(Dataset entries)
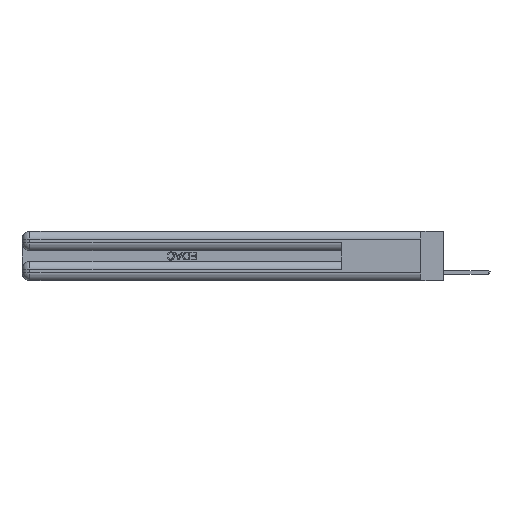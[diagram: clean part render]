
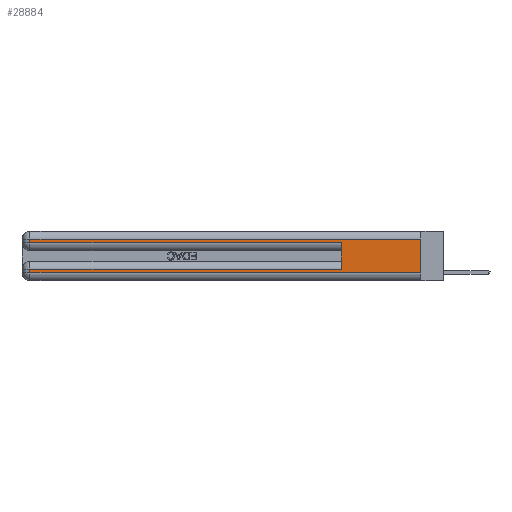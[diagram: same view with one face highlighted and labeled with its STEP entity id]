
A CAD part, left-side view. The second image highlights one B-rep face of the part: STEP entity #28884.
In plain terms, the highlighted planar face has unit normal (-1, 0, 0).
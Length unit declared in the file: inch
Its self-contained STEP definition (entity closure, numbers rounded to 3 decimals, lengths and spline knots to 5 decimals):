
#262 = CARTESIAN_POINT ( 'NONE',  ( 0., 0.6, 0.085 ) ) ;
#800 = EDGE_CURVE ( 'NONE', #7658, #23856, #27293, .T. ) ;
#849 = EDGE_CURVE ( 'NONE', #33775, #11992, #34897, .T. ) ;
#906 = CARTESIAN_POINT ( 'NONE',  ( 0., 0., 0.31 ) ) ;
#963 = DIRECTION ( 'NONE',  ( 0., -1., 0. ) ) ;
#986 = EDGE_LOOP ( 'NONE', ( #25442, #14765, #7184, #9510, #31363, #32160, #34152, #35057 ) ) ;
#1505 = VERTEX_POINT ( 'NONE', #34623 ) ;
#2587 = LINE ( 'NONE', #23175, #18911 ) ;
#3040 = DIRECTION ( 'NONE',  ( 1., 0., 0. ) ) ;
#3871 = EDGE_CURVE ( 'NONE', #23856, #1505, #26375, .T. ) ;
#4865 = VECTOR ( 'NONE', #24430, 39.37008 ) ;
#6163 = CARTESIAN_POINT ( 'NONE',  ( 0., 2.94, 0.31 ) ) ;
#7184 = ORIENTED_EDGE ( 'NONE', *, *, #3871, .T. ) ;
#7658 = VERTEX_POINT ( 'NONE', #14116 ) ;
#7675 = VECTOR ( 'NONE', #26982, 39.37008 ) ;
#8469 = AXIS2_PLACEMENT_3D ( 'NONE', #27039, #3040, #11181 ) ;
#9043 = VECTOR ( 'NONE', #25243, 39.37008 ) ;
#9296 = VECTOR ( 'NONE', #10992, 39.37008 ) ;
#9510 = ORIENTED_EDGE ( 'NONE', *, *, #15282, .T. ) ;
#10618 = LINE ( 'NONE', #22834, #15272 ) ;
#10992 = DIRECTION ( 'NONE',  ( 0., 0., -1. ) ) ;
#11181 = DIRECTION ( 'NONE',  ( 0., 0., -1. ) ) ;
#11885 = VECTOR ( 'NONE', #14786, 39.37008 ) ;
#11992 = VERTEX_POINT ( 'NONE', #25658 ) ;
#12786 = VERTEX_POINT ( 'NONE', #22689 ) ;
#13655 = CARTESIAN_POINT ( 'NONE',  ( 0., 0.6, 0.145 ) ) ;
#14116 = CARTESIAN_POINT ( 'NONE',  ( 0., 0., 0.31 ) ) ;
#14765 = ORIENTED_EDGE ( 'NONE', *, *, #800, .T. ) ;
#14786 = DIRECTION ( 'NONE',  ( 0., 0., -1. ) ) ;
#15272 = VECTOR ( 'NONE', #22378, 39.37008 ) ;
#15282 = EDGE_CURVE ( 'NONE', #1505, #18032, #10618, .T. ) ;
#17358 = VERTEX_POINT ( 'NONE', #262 ) ;
#17568 = EDGE_CURVE ( 'NONE', #17358, #18032, #34692, .T. ) ;
#18032 = VERTEX_POINT ( 'NONE', #34711 ) ;
#18911 = VECTOR ( 'NONE', #963, 39.37008 ) ;
#19797 = CARTESIAN_POINT ( 'NONE',  ( 0., 0., 0.085 ) ) ;
#21967 = FACE_OUTER_BOUND ( 'NONE', #986, .T. ) ;
#22053 = PLANE ( 'NONE',  #8469 ) ;
#22378 = DIRECTION ( 'NONE',  ( 0., -1., 0. ) ) ;
#22689 = CARTESIAN_POINT ( 'NONE',  ( 0., 0., 0.06 ) ) ;
#22770 = DIRECTION ( 'NONE',  ( 0., 1., 0. ) ) ;
#22834 = CARTESIAN_POINT ( 'NONE',  ( 0., 0., 0.285 ) ) ;
#23175 = CARTESIAN_POINT ( 'NONE',  ( 0., 0., 0.06 ) ) ;
#23856 = VERTEX_POINT ( 'NONE', #6163 ) ;
#24430 = DIRECTION ( 'NONE',  ( 0., 0., 1. ) ) ;
#25243 = DIRECTION ( 'NONE',  ( 0., 1., 0. ) ) ;
#25442 = ORIENTED_EDGE ( 'NONE', *, *, #33271, .F. ) ;
#25658 = CARTESIAN_POINT ( 'NONE',  ( 0., 2.94, 0.06 ) ) ;
#26001 = VECTOR ( 'NONE', #22770, 39.37008 ) ;
#26375 = LINE ( 'NONE', #28347, #11885 ) ;
#26982 = DIRECTION ( 'NONE',  ( 0., 0., -1. ) ) ;
#27039 = CARTESIAN_POINT ( 'NONE',  ( 0., 0., 0.37 ) ) ;
#27293 = LINE ( 'NONE', #906, #26001 ) ;
#28184 = LINE ( 'NONE', #19797, #9043 ) ;
#28347 = CARTESIAN_POINT ( 'NONE',  ( 0., 2.94, 0.37 ) ) ;
#28884 = ADVANCED_FACE ( 'NONE', ( #21967 ), #22053, .F. ) ;
#29832 = CARTESIAN_POINT ( 'NONE',  ( 0., 2.94, 0.37 ) ) ;
#31033 = LINE ( 'NONE', #32413, #9296 ) ;
#31363 = ORIENTED_EDGE ( 'NONE', *, *, #17568, .F. ) ;
#32160 = ORIENTED_EDGE ( 'NONE', *, *, #35087, .T. ) ;
#32413 = CARTESIAN_POINT ( 'NONE',  ( 0., 0., 0.37 ) ) ;
#32761 = CARTESIAN_POINT ( 'NONE',  ( 0., 2.94, 0.085 ) ) ;
#33271 = EDGE_CURVE ( 'NONE', #7658, #12786, #31033, .T. ) ;
#33775 = VERTEX_POINT ( 'NONE', #32761 ) ;
#34152 = ORIENTED_EDGE ( 'NONE', *, *, #849, .T. ) ;
#34623 = CARTESIAN_POINT ( 'NONE',  ( 0., 2.94, 0.285 ) ) ;
#34692 = LINE ( 'NONE', #13655, #4865 ) ;
#34711 = CARTESIAN_POINT ( 'NONE',  ( 0., 0.6, 0.285 ) ) ;
#34897 = LINE ( 'NONE', #29832, #7675 ) ;
#35057 = ORIENTED_EDGE ( 'NONE', *, *, #35221, .T. ) ;
#35087 = EDGE_CURVE ( 'NONE', #17358, #33775, #28184, .T. ) ;
#35221 = EDGE_CURVE ( 'NONE', #11992, #12786, #2587, .T. ) ;

* _Task description_: Look through the records above and please copy every line in which the string "unit" occurs.

* _Task answer_:
In plain terms, the highlighted planar face has unit normal (-1, 0, 0).
Length unit declared in the file: inch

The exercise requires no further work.